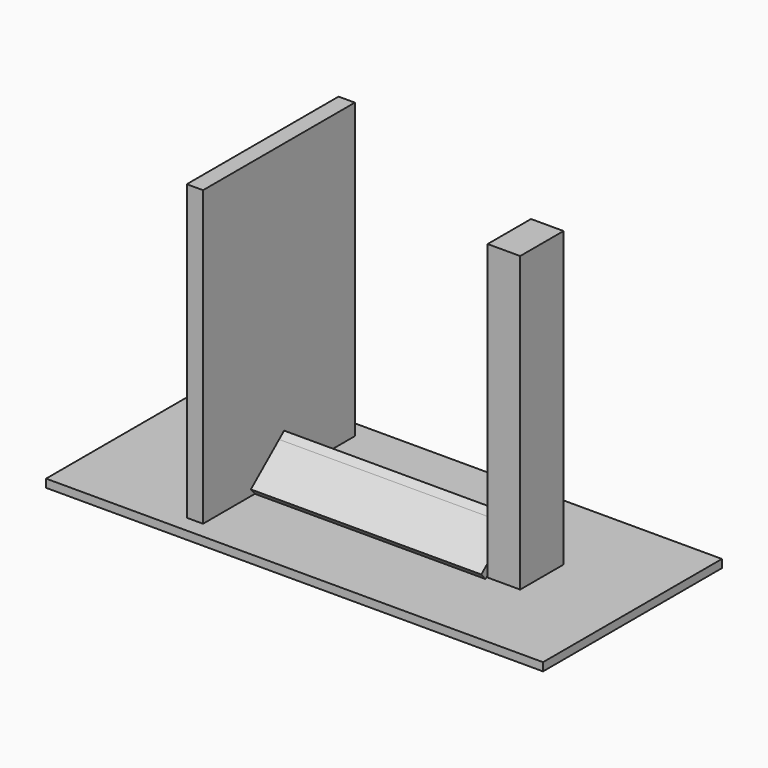
from build123d import *

# Parameters (mm, degrees)
F0_W     = 1100
F0_H     = 495
F1_DEPTH = 18
F2_W     = 36
F2_H     = 420
F3_DEPTH = 650
F2_W_2   = 72
F2_H_2   = 120
F4_W     = 120
F4_H     = 650
F5_DEPTH = 899.4299889932
F7_DEPTH = 650
F9_DEPTH = 510


# Not quite as in the source:
# - a feature names something its author has since deleted; it is built from what else it names


with BuildPart() as f1:
    # F0 (on Top) → F1 (new body)
    with BuildSketch(Plane.XY):
        Rectangle(F0_W, F0_H)
    extrude(amount=F1_DEPTH)


with BuildPart() as f3:
    # F2 (on face) → F3 (new body)
    with BuildSketch(Plane.XY.offset(18)):
        with Locations((-250.5710110068, 0)):
            Rectangle(F2_W, F2_H)
    extrude(amount=F3_DEPTH)


with BuildPart() as f3b:
    # F2 (on face) → F3, piece 2 (new body)
    with BuildSketch(Plane.XY.offset(18)):
        with Locations((313.4289889932, 0)):
            Rectangle(F2_W_2, F2_H_2)
    extrude(amount=F3_DEPTH)


with BuildPart() as f5_tool:
    # F4 (on face) → F5 (new body, through all)
    with BuildSketch(Plane.YZ.offset(349.4289889932)):
        with Locations((0, 343)):
            Rectangle(F4_W, F4_H)
    extrude(amount=-F5_DEPTH)


with BuildPart() as f3_1:
    add(f3.part)

    # F5: cut by f5_tool
    add(f5_tool.part, mode=Mode.SUBTRACT)

    # F2 (on face) → F7 (join)
    with BuildSketch(Plane.XY.offset(18)):
        with Locations((-250.5710110068, 0)):
            Rectangle(F2_W, F2_H)
    extrude(amount=F7_DEPTH)


with BuildPart() as f3b_1:
    add(f3b.part)

    # F5: cut by f5_tool
    add(f5_tool.part, mode=Mode.SUBTRACT)


with BuildPart() as f7:
    # F2 (on face) → F7, piece 2 (new body)
    with BuildSketch(Plane.XY.offset(18)):
        with Locations((313.4289889932, 0)):
            Rectangle(F2_W_2, F2_H_2)
    extrude(amount=F7_DEPTH)


with BuildPart() as f9:
    # F8 (on face) → F9 (new body)
    with BuildSketch(Plane(origin=(277.4289889932, 0, 0), x_dir=(0, -1, 0), z_dir=(-1, 0, 0))):
        Polygon((-0.5010100179, 96.7448346812), (-14.289809994, 108.3150116555), (-60, 53.8397284977), (-60, 25.8366996142), (-12.0711869922, 82.956034705), align=None)
        Polygon((60, 45.9784594893), (-0.5010100179, 96.7448346812), (-12.0711869922, 82.956034705), (60, 22.4811282813), align=None)
        Polygon((77.6355231803, 31.1804984931), (60, 45.9784594893), (60, 22.4811282813), (66.0653462059, 17.391698517), align=None)
        Polygon((-60, 25.8366996142), (-60, 53.8397284977), (-79.854146182, 30.1784784574), (-66.0653462059, 18.608301483), align=None)
    extrude(amount=F9_DEPTH)


solid = Compound([f1.part, f3_1.part, f7.part, f9.part])
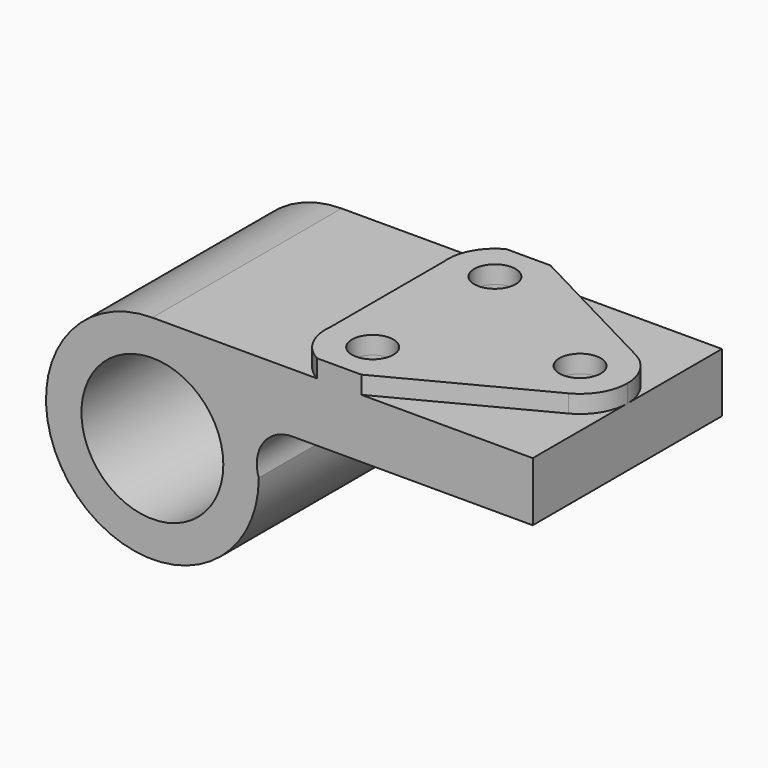
from build123d import *

# Parameters (mm, degrees)
F0_R     = 19.05
F1_DEPTH = 31.75
F3_R     = 5.5626
F4_DEPTH = 4.7752
F5_DEPTH = 57.151


with BuildPart() as f1:
    # F0 (on Front) → F1 (new body, symmetric)
    with BuildSketch(Plane.XZ):
        with BuildLine():
            Line((102.1447438789, 28.575), (0, 28.575))
            ThreePointArc((0, 28.575), (-20.2055762724, -20.2055762724), (28.575, 0))
            ThreePointArc((28.575, 0), (29.7781261877, 8.674261314), (37.5552561211, 12.7))
            Line((37.5552561211, 12.7), (102.1447438789, 12.7))
            Line((102.1447438789, 12.7), (102.1447438789, 28.575))
        make_face()
        Circle(F0_R, mode=Mode.SUBTRACT)
    extrude(amount=F1_DEPTH, both=True)

    # F3 (on face) → F4 (join)
    with BuildSketch(Plane.XY.offset(28.575)):
        with BuildLine():
            ThreePointArc((44.2432574162, 31.75), (38.9330700337, 26.4354220023), (37.5552561211, 19.05))
            Line((37.5552561211, 19.05), (37.5552561211, -19.05))
            ThreePointArc((37.5552561211, -19.05), (38.9330700337, -26.4354220023), (44.2432574161, -31.75))
            Line((44.2432574161, -31.75), (56.097272461, -31.75))
            Line((56.097272461, -31.75), (95.3253515684, -11.2564849399))
            ThreePointArc((95.3253515684, -11.2564849399), (100.3069194614, -6.5805122609), (102.1447438789, -7.87e-08))
            ThreePointArc((102.1447438789, -7.87e-08), (100.3069195022, 6.5805121935), (95.3253515684, 11.2564849399))
            Line((95.3253515684, 11.2564849399), (56.097272461, 31.75))
            Line((56.097272461, 31.75), (44.2432574162, 31.75))
        make_face()
        with Locations((50.170148764, -20.5178159314)):
            Circle(F3_R, mode=Mode.SUBTRACT)
        with Locations((50.170148764, 20.5178159314)):
            Circle(F3_R, mode=Mode.SUBTRACT)
        with Locations((89.4447438789, 0)):
            Circle(F3_R, mode=Mode.SUBTRACT)
    extrude(amount=F4_DEPTH)

    # F5 (cut, through all): faces of the model
    f5_faces = [f1.faces().sort_by_distance(p)[0] for p in [
        (89.4447438789, 0, 28.575),
        (50.170148764, -20.5178159314, 28.575),
        (50.170148764, 20.5178159314, 28.575),
    ]]
    extrude(f5_faces, amount=-F5_DEPTH, mode=Mode.SUBTRACT)


solid = f1.part
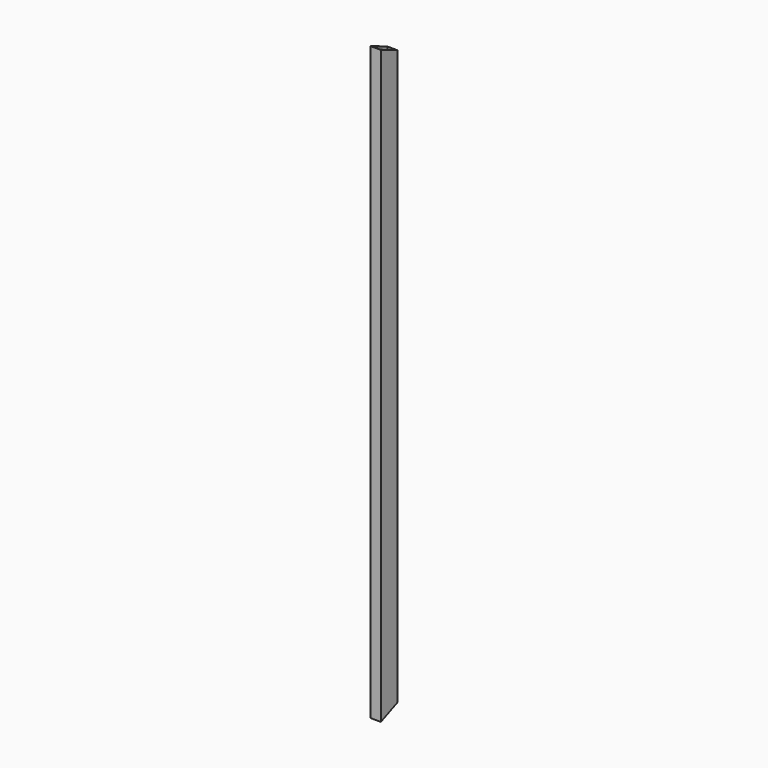
from build123d import *

# Parameters (mm, degrees)
F0_W        = 50
F0_H        = 100
F0_W_2      = 44
F0_H_2      = 94
F1_DEPTH    = 2832
F2_T1_DEPTH = 568.4974851551
F3_T1_DEPTH = 568.4974851551


# Not quite as in the source:
# - a fillet or chamfer that OpenCascade refuses, or shapes differently, is made with other operations: its cross-section is extruded or revolved along the edge and cut away or added


with BuildPart() as f1:
    # F0 (on Top) → F1 (new body)
    with BuildSketch(Plane.XY):
        Rectangle(F0_W, F0_H)
        Rectangle(F0_W_2, F0_H_2, mode=Mode.SUBTRACT)
    extrude(amount=F1_DEPTH)

    # F2: chamfer of 100 x 42 on 1 edges, made by hand

    # F2_s2 → F2_t1 (cut)
    with BuildSketch(Plane.YZ.offset(-284.2487425775)):
        Polygon((50, 2790), (-50, 2832), (50, 2832), align=None)
    extrude(amount=F2_T1_DEPTH, mode=Mode.SUBTRACT)

    # F3: chamfer of 42 x 100 on 1 edges, made by hand

    # F3_s2 → F3_t1 (cut)
    with BuildSketch(Plane.YZ.offset(-284.2487425775)):
        Polygon((-50, 0), (50, 42), (50, 0), align=None)
    extrude(amount=F3_T1_DEPTH, mode=Mode.SUBTRACT)


solid = f1.part

=======

WORK TO COMPLETE - Skip the images and restate each record above word for word.

SOLUTION -
from build123d import *

# Parameters (mm, degrees)
F0_W     = 1100
F0_H     = 495
F1_DEPTH = 18
F2_W     = 36
F2_H     = 420
F3_DEPTH = 650
F2_W_2   = 72
F2_H_2   = 120
F4_W     = 120
F4_H     = 650
F5_DEPTH = 899.4299889932
F7_DEPTH = 650
F9_DEPTH = 510


# Not quite as in the source:
# - a feature names something its author has since deleted; it is built from what else it names


with BuildPart() as f1:
    # F0 (on Top) → F1 (new body)
    with BuildSketch(Plane.XY):
        Rectangle(F0_W, F0_H)
    extrude(amount=F1_DEPTH)


with BuildPart() as f3:
    # F2 (on face) → F3 (new body)
    with BuildSketch(Plane.XY.offset(18)):
        with Locations((-250.5710110068, 0)):
            Rectangle(F2_W, F2_H)
    extrude(amount=F3_DEPTH)


with BuildPart() as f3b:
    # F2 (on face) → F3, piece 2 (new body)
    with BuildSketch(Plane.XY.offset(18)):
        with Locations((313.4289889932, 0)):
            Rectangle(F2_W_2, F2_H_2)
    extrude(amount=F3_DEPTH)


with BuildPart() as f5_tool:
    # F4 (on face) → F5 (new body, through all)
    with BuildSketch(Plane.YZ.offset(349.4289889932)):
        with Locations((0, 343)):
            Rectangle(F4_W, F4_H)
    extrude(amount=-F5_DEPTH)


with BuildPart() as f3_1:
    add(f3.part)

    # F5: cut by f5_tool
    add(f5_tool.part, mode=Mode.SUBTRACT)

    # F2 (on face) → F7 (join)
    with BuildSketch(Plane.XY.offset(18)):
        with Locations((-250.5710110068, 0)):
            Rectangle(F2_W, F2_H)
    extrude(amount=F7_DEPTH)


with BuildPart() as f3b_1:
    add(f3b.part)

    # F5: cut by f5_tool
    add(f5_tool.part, mode=Mode.SUBTRACT)


with BuildPart() as f7:
    # F2 (on face) → F7, piece 2 (new body)
    with BuildSketch(Plane.XY.offset(18)):
        with Locations((313.4289889932, 0)):
            Rectangle(F2_W_2, F2_H_2)
    extrude(amount=F7_DEPTH)


with BuildPart() as f9:
    # F8 (on face) → F9 (new body)
    with BuildSketch(Plane(origin=(277.4289889932, 0, 0), x_dir=(0, -1, 0), z_dir=(-1, 0, 0))):
        Polygon((-0.5010100179, 96.7448346812), (-14.289809994, 108.3150116555), (-60, 53.8397284977), (-60, 25.8366996142), (-12.0711869922, 82.956034705), align=None)
        Polygon((60, 45.9784594893), (-0.5010100179, 96.7448346812), (-12.0711869922, 82.956034705), (60, 22.4811282813), align=None)
        Polygon((77.6355231803, 31.1804984931), (60, 45.9784594893), (60, 22.4811282813), (66.0653462059, 17.391698517), align=None)
        Polygon((-60, 25.8366996142), (-60, 53.8397284977), (-79.854146182, 30.1784784574), (-66.0653462059, 18.608301483), align=None)
    extrude(amount=F9_DEPTH)


solid = Compound([f1.part, f3_1.part, f7.part, f9.part])
from build123d import *

# Parameters (mm, degrees)
F0_R     = 19.05
F1_DEPTH = 31.75
F3_R     = 5.5626
F4_DEPTH = 4.7752
F5_DEPTH = 57.151


with BuildPart() as f1:
    # F0 (on Front) → F1 (new body, symmetric)
    with BuildSketch(Plane.XZ):
        with BuildLine():
            Line((102.1447438789, 28.575), (0, 28.575))
            ThreePointArc((0, 28.575), (-20.2055762724, -20.2055762724), (28.575, 0))
            ThreePointArc((28.575, 0), (29.7781261877, 8.674261314), (37.5552561211, 12.7))
            Line((37.5552561211, 12.7), (102.1447438789, 12.7))
            Line((102.1447438789, 12.7), (102.1447438789, 28.575))
        make_face()
        Circle(F0_R, mode=Mode.SUBTRACT)
    extrude(amount=F1_DEPTH, both=True)

    # F3 (on face) → F4 (join)
    with BuildSketch(Plane.XY.offset(28.575)):
        with BuildLine():
            ThreePointArc((44.2432574162, 31.75), (38.9330700337, 26.4354220023), (37.5552561211, 19.05))
            Line((37.5552561211, 19.05), (37.5552561211, -19.05))
            ThreePointArc((37.5552561211, -19.05), (38.9330700337, -26.4354220023), (44.2432574161, -31.75))
            Line((44.2432574161, -31.75), (56.097272461, -31.75))
            Line((56.097272461, -31.75), (95.3253515684, -11.2564849399))
            ThreePointArc((95.3253515684, -11.2564849399), (100.3069194614, -6.5805122609), (102.1447438789, -7.87e-08))
            ThreePointArc((102.1447438789, -7.87e-08), (100.3069195022, 6.5805121935), (95.3253515684, 11.2564849399))
            Line((95.3253515684, 11.2564849399), (56.097272461, 31.75))
            Line((56.097272461, 31.75), (44.2432574162, 31.75))
        make_face()
        with Locations((50.170148764, -20.5178159314)):
            Circle(F3_R, mode=Mode.SUBTRACT)
        with Locations((50.170148764, 20.5178159314)):
            Circle(F3_R, mode=Mode.SUBTRACT)
        with Locations((89.4447438789, 0)):
            Circle(F3_R, mode=Mode.SUBTRACT)
    extrude(amount=F4_DEPTH)

    # F5 (cut, through all): faces of the model
    f5_faces = [f1.faces().sort_by_distance(p)[0] for p in [
        (89.4447438789, 0, 28.575),
        (50.170148764, -20.5178159314, 28.575),
        (50.170148764, 20.5178159314, 28.575),
    ]]
    extrude(f5_faces, amount=-F5_DEPTH, mode=Mode.SUBTRACT)


solid = f1.part
from build123d import *

# Parameters (mm, degrees)
F0_W        = 50
F0_H        = 100
F0_W_2      = 44
F0_H_2      = 94
F1_DEPTH    = 2832
F2_T1_DEPTH = 568.4974851551
F3_T1_DEPTH = 568.4974851551


# Not quite as in the source:
# - a fillet or chamfer that OpenCascade refuses, or shapes differently, is made with other operations: its cross-section is extruded or revolved along the edge and cut away or added


with BuildPart() as f1:
    # F0 (on Top) → F1 (new body)
    with BuildSketch(Plane.XY):
        Rectangle(F0_W, F0_H)
        Rectangle(F0_W_2, F0_H_2, mode=Mode.SUBTRACT)
    extrude(amount=F1_DEPTH)

    # F2: chamfer of 100 x 42 on 1 edges, made by hand

    # F2_s2 → F2_t1 (cut)
    with BuildSketch(Plane.YZ.offset(-284.2487425775)):
        Polygon((50, 2790), (-50, 2832), (50, 2832), align=None)
    extrude(amount=F2_T1_DEPTH, mode=Mode.SUBTRACT)

    # F3: chamfer of 42 x 100 on 1 edges, made by hand

    # F3_s2 → F3_t1 (cut)
    with BuildSketch(Plane.YZ.offset(-284.2487425775)):
        Polygon((-50, 0), (50, 42), (50, 0), align=None)
    extrude(amount=F3_T1_DEPTH, mode=Mode.SUBTRACT)


solid = f1.part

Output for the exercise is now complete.